Эх, Зоенька, как часто я вспоминаю маму. Она тоже видела Кирова, но никогда с ним не разговаривала. Мне она рассказывала о нем часто. Вот бы она обрадовалась, если бы узнала об этой моей встрече с ним.
А на трибуне, когда Киров ушел, у меня вдруг испортилось настроение. Зачем Игорь Константинович обманул его, сказал, что я дочка его друга? Ведь это неправда. И Киров сказал, что я хорошая. Какая же я хорошая? Он ничего не знает обо мне.
Вечером дома мы долго сидели за чаем. Игорь Константинович рассказывал о Кирове, — ему часто приходилось встречаться с ним по работе: Киров любит журналистов и принимает их всегда, даже если идет заседание. Скажет: «Статью ждут сто тысяч человек, а нас немного, мы можем потерпеть». Прочитает, сделает поправки и продолжает заседание.
Я легла спать, а уснуть не могла.
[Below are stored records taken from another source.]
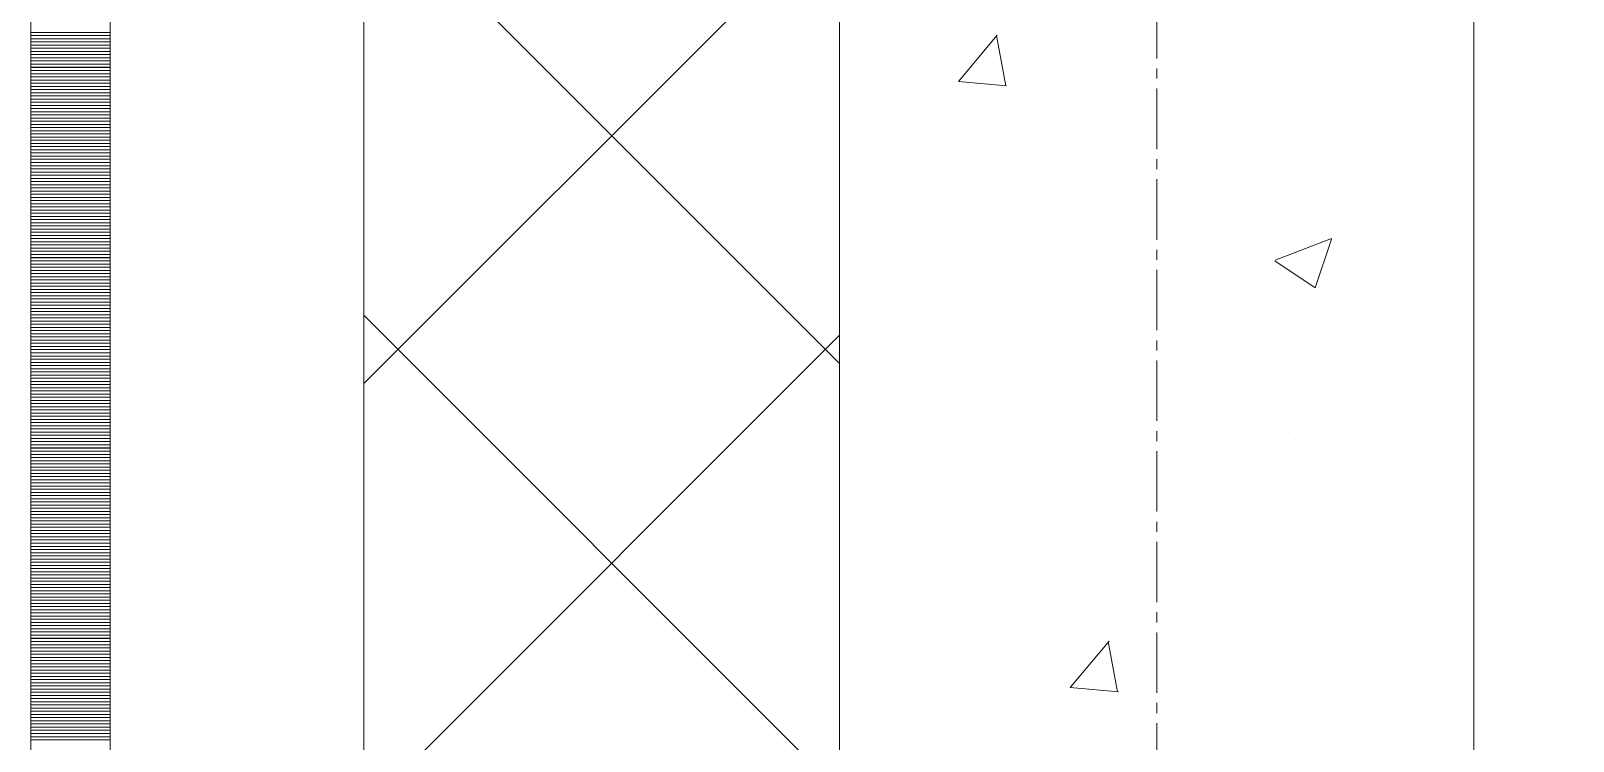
# Model space of a CAD drawing. Header units: millimetres. Extents: x 470010 to 1231400, y -134005 to 421770.
# Drawn here: x 806167.7 to 806654, y 141517.6 to 141741.5 of the extents above; entities that cross this region are included whole.
import ezdxf
from ezdxf.enums import TextEntityAlignment as Align

# ---------------------------------------------------------------- set-up
doc = ezdxf.new("R2010")
doc.units = ezdxf.units.MM
doc.linetypes.add('CENTER2', pattern=[28.575, 19.05, -3.175, 3.175, -3.175])
doc.linetypes.add('DASHED', pattern=[19.05, 12.7, -6.35])
doc.layers.get('Defpoints').update_dxf_attribs({"color": 140})
doc.layers.add('АР_Делит', color=120, linetype='Continuous', lineweight=0, plot=False)
for name, color, linetype, lineweight in [('АР_Стены ПЕНОблок', 52, 'Continuous', 20), ('АР_Тонкая', 254, 'Continuous', 5), ('АР_Утеплитель', 31, 'Continuous', 0), ('АР_Штриховка', 8, 'Continuous', 0)]:
    doc.layers.add(name, color=color, linetype=linetype, lineweight=lineweight)
doc.layers.add('РД_Оси_100', color=7, linetype='Continuous', lineweight=0, true_color=0x525252)
doc.styles.add('style1', font='ARIALN.TTF')

# ---------------------------------------------------------------- blocks, each defined once
blk = doc.blocks.new('СОШ_2200_АР_ОСИ_М100_28.05.24')
at = {"layer": 'АР_Делит', "color": 251, "linetype": 'DASHED', "true_color": 0x636466}
blk.add_lwpolyline([(114955, 135155), (114955, -355), (93595.036, -355), (93595.036, 13855), (94145, 13855), (94145, 68320), (66055, 68320), (66055, 13857.73), (83455, 13857.73), (83455, -355), (45245, -355), (45245, 13145), (44695, 13145), (44695, 26755), (45245, 26755), (45245, 68320), (20455, 68320), (20455, 26755), (27955, 26755), (27955, 13145), (-355, 13145), (-355, 100855)], dxfattribs=at)
at = {"layer": 'РД_Оси_100', "color": 251, "linetype": 'CENTER2', "true_color": 0x636466}
blk.add_line((0, -6155), (0, 139938.679), dxfattribs=at)
blk = doc.blocks.new('A$C9108343f')
at = {"layer": 'АР_Стены ПЕНОблок', "color": 18, "linetype": 'Continuous', "lineweight": 20, "true_color": 0x000000}
for p, q in [((140704.09, 313879.49), (140704.09, 237679.49)), ((140904.09, 237679.49), (140904.09, 313879.49))]:
    blk.add_line(p, q, dxfattribs=at)
at = {"layer": 'АР_Тонкая', "color": 18, "linetype": 'Continuous', "lineweight": 5, "true_color": 0x000000}
for p, q in [((140449.09, 313879.49), (140449.09, 237679.49)), ((140474.09, 313879.49), (140474.09, 237679.49)), ((140474.09, 237679.49), (140474.09, 313879.49)), ((140554.09, 237679.49), (140554.09, 313879.49))]:
    blk.add_line(p, q, dxfattribs=at)
at = {"layer": 'АР_Утеплитель', "color": 18, "linetype": 'Continuous', "lineweight": 0, "true_color": 0x000000}
for p, q in [((140554.09, 313879.49), (140554.09, 237679.49)), ((140704.09, 237679.49), (140704.09, 313879.49))]:
    blk.add_line(p, q, dxfattribs=at)
at = {"layer": 'АР_Штриховка', "color": 18, "linetype": 'Continuous', "lineweight": 0, "true_color": 0x000000}
for p, q in [((140704.09, 242002.83), (140554.09, 242152.83)), ((140554.09, 241996.54), (140704.09, 242146.54)), ((140449.09, 242107.24), (140474.09, 242107.24)), ((140449.09, 242106.24), (140474.09, 242106.24)), ((140741.55, 242091.78), (140753.8, 242106.37)), ((140756.49, 242090.4), (140753.55, 242106.32)), ((140757.21, 242106.45), (140757.21, 242106.45)), ((140449.09, 242105.24), (140474.09, 242105.24)), ((140449.09, 242104.24), (140474.09, 242104.24)), ((140449.09, 242103.24), (140474.09, 242103.24)), ((140449.09, 242102.24), (140474.09, 242102.24)), ((140449.09, 242101.24), (140474.09, 242101.24)), ((140870.92, 242102.79), (140870.92, 242102.79)), ((140449.09, 242100.24), (140474.09, 242100.24)), ((140449.09, 242099.24), (140474.09, 242099.24)), ((140449.09, 242098.24), (140474.09, 242098.24)), ((140449.09, 242097.24), (140474.09, 242097.24)), ((140449.09, 242096.24), (140474.09, 242096.24)), ((140449.09, 242095.24), (140474.09, 242095.24)), ((140449.09, 242094.24), (140474.09, 242094.24)), ((140449.09, 242093.24), (140474.09, 242093.24)), ((140449.09, 242092.24), (140474.09, 242092.24)), ((140449.09, 242091.24), (140474.09, 242091.24)), ((140741.55, 242091.77), (140756.73, 242090.44)), ((140449.09, 242090.24), (140474.09, 242090.24)), ((140449.09, 242089.24), (140474.09, 242089.24)), ((140449.09, 242088.24), (140474.09, 242088.24)), ((140449.09, 242087.24), (140474.09, 242087.24)), ((140449.09, 242086.24), (140474.09, 242086.24)), ((140742.62, 242086.53), (140742.62, 242086.53)), ((140449.09, 242085.24), (140474.09, 242085.24)), ((140449.09, 242084.24), (140474.09, 242084.24)), ((140449.09, 242083.24), (140474.09, 242083.24)), ((140449.09, 242082.24), (140474.09, 242082.24)), ((140449.09, 242081.24), (140474.09, 242081.24)), ((140449.09, 242080.24), (140474.09, 242080.24)), ((140449.09, 242079.24), (140474.09, 242079.24)), ((140449.09, 242078.24), (140474.09, 242078.24)), ((140449.09, 242077.24), (140474.09, 242077.24)), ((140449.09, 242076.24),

Вспомнила весь день. Перед глазами цветы, знамена, автомобили с челюскинцами, Киров. Я страшно боялась, что что-нибудь забуду, и снова начинаю вспоминать. Так и заснула.
Вот, милая Зойка, что иногда случается. Будет ли когда-нибудь еще такой праздник? Напиши, что ты думаешь по этому поводу. Целую.
Твоя Маринка.
Зоя Бакеева — Марине Гречановой
Оренбург, 11 июля 1934 года
Я, наверно, чувствовала, дорогая моя Маришка, что получу от тебя еще одно письмо, и потому не писала. А теперь отвечу сразу на два.
Я тебе так завидую, что ты встречала челюскинцев! Представить не можешь. Мы только в газетах читали о них. Больше всего папа. Он у нас «газетчик», как говорит мама. Придет с работы и давай читать, слова от него не добьешься!
Ты просто счастливая! Кирова я никогда близко не видела, не то что разговаривала с ним. Я его видела 7 ноября, когда мы вместе с тобой ходили на демонстрацию, помнишь?
Читала твое письмо, и захотелось в Ленинград. Все бы отдала, чтобы поехать! Папа сказал, что, может быть, мы поедем. Но он часто строит всякие планы, а они лопаются, и всё из-за его работы. Завод его прямо съедает.
С Петром я сейчас не разговариваю. Он вздумал целоваться. Нахал, правда? Тоже мне донжуан. А вообще он смешной. Говорит, что сохнет по мне и жить без меня не может. Это он романов, наверное, начитался. Разве можно в наше время сохнуть? Предрассудки.
Я ему сказала, чтобы больше таких вещей не было. Он обиделся. Но вчера приходил снова ко мне, а я с ним не разговаривала. Он посидел, посидел и ушел. Пусть мучается, их нельзя жалеть. Мама говорит, что мужчинами надо руководить.
Смешно, Маришка, на влюбленного Петра смотреть. Он делает все, что я захочу. А я специально придумываю всякие вещи.
Мама, конечно, знает о нашем романе. Я ей все рассказываю. Папе же мы ничего не говорим, но он догадывается. Но молчит, точно не его дело.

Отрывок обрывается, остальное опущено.